Data entries
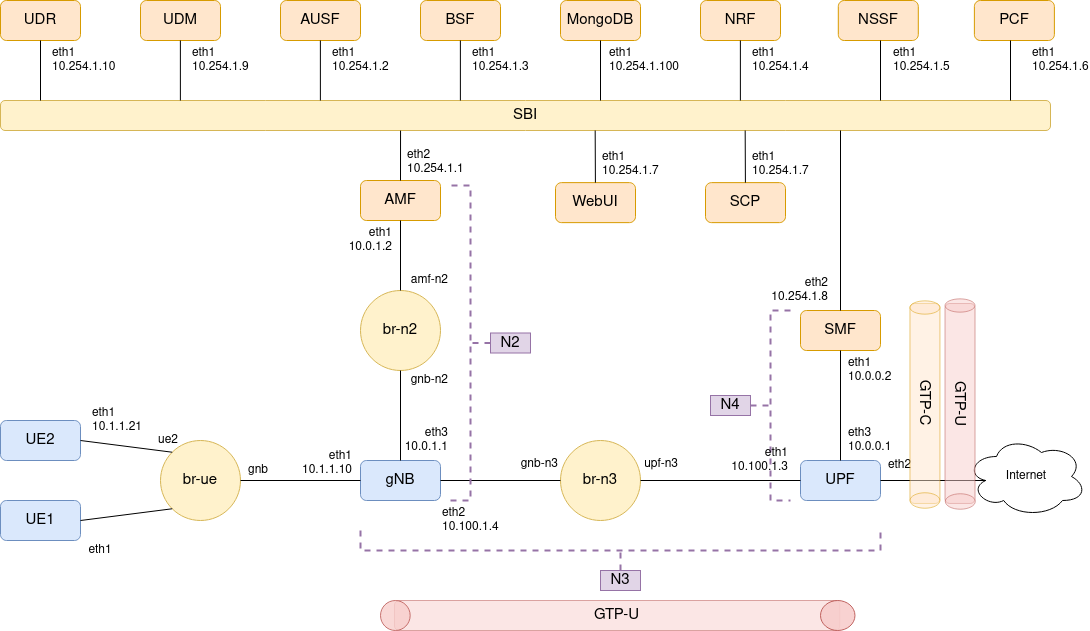

The diagram above was exported from draw.io. Its source (the exported page's mxGraphModel, read from the mxfile embedded in the PNG):
<mxGraphModel dx="2868" dy="2471" grid="1" gridSize="10" guides="1" tooltips="1" connect="1" arrows="1" fold="1" page="1" pageScale="1" pageWidth="1169" pageHeight="827" math="0" shadow="0">
  <root>
    <mxCell id="0" />
    <mxCell id="1" parent="0" />
    <mxCell id="2" value="" style="strokeWidth=2;html=1;shape=mxgraph.flowchart.annotation_2;align=left;labelPosition=right;pointerEvents=1;fontSize=15;fillColor=#e1d5e7;strokeColor=#9673a6;dashed=1;" vertex="1" parent="1">
      <mxGeometry x="790" y="260" width="40" height="190" as="geometry" />
    </mxCell>
    <mxCell id="3" value="UE2" style="rounded=1;whiteSpace=wrap;html=1;fontSize=15;fillColor=#dae8fc;strokeColor=#6c8ebf;" vertex="1" parent="1">
      <mxGeometry x="40" y="370" width="80" height="40" as="geometry" />
    </mxCell>
    <mxCell id="4" value="UE1" style="rounded=1;whiteSpace=wrap;html=1;fontSize=15;fillColor=#dae8fc;strokeColor=#6c8ebf;" vertex="1" parent="1">
      <mxGeometry x="40" y="450" width="80" height="40" as="geometry" />
    </mxCell>
    <mxCell id="5" value="br-ue" style="ellipse;whiteSpace=wrap;html=1;aspect=fixed;fontSize=15;fillColor=#fff2cc;strokeColor=#d6b656;" vertex="1" parent="1">
      <mxGeometry x="200" y="390" width="80" height="80" as="geometry" />
    </mxCell>
    <mxCell id="6" value="" style="endArrow=none;html=1;fontSize=15;entryX=1;entryY=0.5;entryDx=0;entryDy=0;exitX=0;exitY=0;exitDx=0;exitDy=0;" edge="1" source="5" target="3" parent="1">
      <mxGeometry width="50" height="50" relative="1" as="geometry">
        <mxPoint x="440" y="550" as="sourcePoint" />
        <mxPoint x="490" y="500" as="targetPoint" />
      </mxGeometry>
    </mxCell>
    <mxCell id="7" value="" style="endArrow=none;html=1;fontSize=15;entryX=1;entryY=0.5;entryDx=0;entryDy=0;exitX=0;exitY=1;exitDx=0;exitDy=0;" edge="1" source="5" target="4" parent="1">
      <mxGeometry width="50" height="50" relative="1" as="geometry">
        <mxPoint x="181.7157287525381" y="411.7157287525381" as="sourcePoint" />
        <mxPoint x="130" y="400" as="targetPoint" />
      </mxGeometry>
    </mxCell>
    <mxCell id="8" value="gNB" style="rounded=1;whiteSpace=wrap;html=1;fontSize=15;fillColor=#dae8fc;strokeColor=#6c8ebf;" vertex="1" parent="1">
      <mxGeometry x="400" y="410" width="80" height="40" as="geometry" />
    </mxCell>
    <mxCell id="9" value="eth1&lt;br&gt;10.1.1.21" style="text;html=1;strokeColor=none;fillColor=none;align=left;verticalAlign=middle;whiteSpace=wrap;rounded=0;fontSize=12;" vertex="1" parent="1">
      <mxGeometry x="130" y="360" width="40" height="20" as="geometry" />
    </mxCell>
    <mxCell id="10" value="eth1" style="text;html=1;strokeColor=none;fillColor=none;align=center;verticalAlign=middle;whiteSpace=wrap;rounded=0;fontSize=12;" vertex="1" parent="1">
      <mxGeometry x="120" y="490" width="40" height="20" as="geometry" />
    </mxCell>
    <mxCell id="11" value="" style="endArrow=none;html=1;fontSize=12;exitX=1;exitY=0.5;exitDx=0;exitDy=0;entryX=0;entryY=0.5;entryDx=0;entryDy=0;" edge="1" source="5" target="8" parent="1">
      <mxGeometry width="50" height="50" relative="1" as="geometry">
        <mxPoint x="440" y="550" as="sourcePoint" />
        <mxPoint x="490" y="500" as="targetPoint" />
      </mxGeometry>
    </mxCell>
    <mxCell id="12" value="eth1&lt;br&gt;10.1.1.10" style="text;html=1;strokeColor=none;fillColor=none;align=right;verticalAlign=middle;whiteSpace=wrap;rounded=0;fontSize=12;" vertex="1" parent="1">
      <mxGeometry x="354" y="403" width="40" height="20" as="geometry" />
    </mxCell>
    <mxCell id="13" value="gnb" style="text;html=1;strokeColor=none;fillColor=none;align=right;verticalAlign=middle;whiteSpace=wrap;rounded=0;fontSize=12;" vertex="1" parent="1">
      <mxGeometry x="270" y="410" width="40" height="20" as="geometry" />
    </mxCell>
    <mxCell id="14" value="ue2" style="text;html=1;strokeColor=none;fillColor=none;align=right;verticalAlign=middle;whiteSpace=wrap;rounded=0;fontSize=12;" vertex="1" parent="1">
      <mxGeometry x="180" y="380" width="40" height="20" as="geometry" />
    </mxCell>
    <mxCell id="15" value="br-n2" style="ellipse;whiteSpace=wrap;html=1;aspect=fixed;fontSize=15;fillColor=#fff2cc;strokeColor=#d6b656;" vertex="1" parent="1">
      <mxGeometry x="400" y="240" width="80" height="80" as="geometry" />
    </mxCell>
    <mxCell id="16" value="eth3&lt;br&gt;10.0.1.1" style="text;html=1;strokeColor=none;fillColor=none;align=right;verticalAlign=middle;whiteSpace=wrap;rounded=0;fontSize=12;" vertex="1" parent="1">
      <mxGeometry x="450" y="380" width="40" height="20" as="geometry" />
    </mxCell>
    <mxCell id="17" value="" style="endArrow=none;html=1;fontSize=12;entryX=0.5;entryY=1;entryDx=0;entryDy=0;" edge="1" target="15" parent="1">
      <mxGeometry width="50" height="50" relative="1" as="geometry">
        <mxPoint x="440.0000000000002" y="410" as="sourcePoint" />
        <mxPoint x="490" y="500" as="targetPoint" />
      </mxGeometry>
    </mxCell>
    <mxCell id="18" value="gnb-n2" style="text;html=1;strokeColor=none;fillColor=none;align=right;verticalAlign=middle;whiteSpace=wrap;rounded=0;fontSize=12;" vertex="1" parent="1">
      <mxGeometry x="450" y="320" width="40" height="20" as="geometry" />
    </mxCell>
    <mxCell id="19" value="AMF" style="rounded=1;whiteSpace=wrap;html=1;fontSize=15;fillColor=#ffe6cc;strokeColor=#d79b00;" vertex="1" parent="1">
      <mxGeometry x="400" y="130" width="80" height="40" as="geometry" />
    </mxCell>
    <mxCell id="20" value="" style="endArrow=none;html=1;fontSize=12;entryX=0.5;entryY=1;entryDx=0;entryDy=0;exitX=0.5;exitY=0;exitDx=0;exitDy=0;" edge="1" source="15" target="19" parent="1">
      <mxGeometry width="50" height="50" relative="1" as="geometry">
        <mxPoint x="450" y="420" as="sourcePoint" />
        <mxPoint x="450" y="330" as="targetPoint" />
      </mxGeometry>
    </mxCell>
    <mxCell id="21" value="amf-n2" style="text;html=1;strokeColor=none;fillColor=none;align=right;verticalAlign=middle;whiteSpace=wrap;rounded=0;fontSize=12;" vertex="1" parent="1">
      <mxGeometry x="450" y="220" width="40" height="20" as="geometry" />
    </mxCell>
    <mxCell id="22" value="eth1&lt;br&gt;10.0.1.2" style="text;html=1;strokeColor=none;fillColor=none;align=right;verticalAlign=middle;whiteSpace=wrap;rounded=0;fontSize=12;" vertex="1" parent="1">
      <mxGeometry x="394" y="180" width="40" height="20" as="geometry" />
    </mxCell>
    <mxCell id="23" value="br-n3" style="ellipse;whiteSpace=wrap;html=1;aspect=fixed;fontSize=15;fillColor=#fff2cc;strokeColor=#d6b656;" vertex="1" parent="1">
      <mxGeometry x="600" y="390" width="80" height="80" as="geometry" />
    </mxCell>
    <mxCell id="24" value="" style="endArrow=none;html=1;fontSize=12;entryX=0;entryY=0.5;entryDx=0;entryDy=0;exitX=1;exitY=0.5;exitDx=0;exitDy=0;" edge="1" source="8" target="23" parent="1">
      <mxGeometry width="50" height="50" relative="1" as="geometry">
        <mxPoint x="440" y="340" as="sourcePoint" />
        <mxPoint x="490" y="290" as="targetPoint" />
      </mxGeometry>
    </mxCell>
    <mxCell id="25" value="gnb-n3" style="text;html=1;strokeColor=none;fillColor=none;align=right;verticalAlign=middle;whiteSpace=wrap;rounded=0;fontSize=12;" vertex="1" parent="1">
      <mxGeometry x="560" y="404" width="40" height="20" as="geometry" />
    </mxCell>
    <mxCell id="26" value="upf-n3" style="text;html=1;strokeColor=none;fillColor=none;align=right;verticalAlign=middle;whiteSpace=wrap;rounded=0;fontSize=12;" vertex="1" parent="1">
      <mxGeometry x="680" y="404" width="40" height="20" as="geometry" />
    </mxCell>
    <mxCell id="27" value="UPF" style="rounded=1;whiteSpace=wrap;html=1;fontSize=15;fillColor=#dae8fc;strokeColor=#6c8ebf;" vertex="1" parent="1">
      <mxGeometry x="840" y="410" width="80" height="40" as="geometry" />
    </mxCell>
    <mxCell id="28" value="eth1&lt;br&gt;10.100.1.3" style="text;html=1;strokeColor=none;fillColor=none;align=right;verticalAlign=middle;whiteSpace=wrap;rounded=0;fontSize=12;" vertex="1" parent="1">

» **EXERCISE BRIEF**
If a line of the data contains "endArrow", copy it out.

» **TASK RESULT**
    <mxCell id="6" value="" style="endArrow=none;html=1;fontSize=15;entryX=1;entryY=0.5;entryDx=0;entryDy=0;exitX=0;exitY=0;exitDx=0;exitDy=0;" edge="1" source="5" target="3" parent="1">
    <mxCell id="7" value="" style="endArrow=none;html=1;fontSize=15;entryX=1;entryY=0.5;entryDx=0;entryDy=0;exitX=0;exitY=1;exitDx=0;exitDy=0;" edge="1" source="5" target="4" parent="1">
    <mxCell id="11" value="" style="endArrow=none;html=1;fontSize=12;exitX=1;exitY=0.5;exitDx=0;exitDy=0;entryX=0;entryY=0.5;entryDx=0;entryDy=0;" edge="1" source="5" target="8" parent="1">
    <mxCell id="17" value="" style="endArrow=none;html=1;fontSize=12;entryX=0.5;entryY=1;entryDx=0;entryDy=0;" edge="1" target="15" parent="1">
    <mxCell id="20" value="" style="endArrow=none;html=1;fontSize=12;entryX=0.5;entryY=1;entryDx=0;entryDy=0;exitX=0.5;exitY=0;exitDx=0;exitDy=0;" edge="1" source="15" target="19" parent="1">
    <mxCell id="24" value="" style="endArrow=none;html=1;fontSize=12;entryX=0;entryY=0.5;entryDx=0;entryDy=0;exitX=1;exitY=0.5;exitDx=0;exitDy=0;" edge="1" source="8" target="23" parent="1">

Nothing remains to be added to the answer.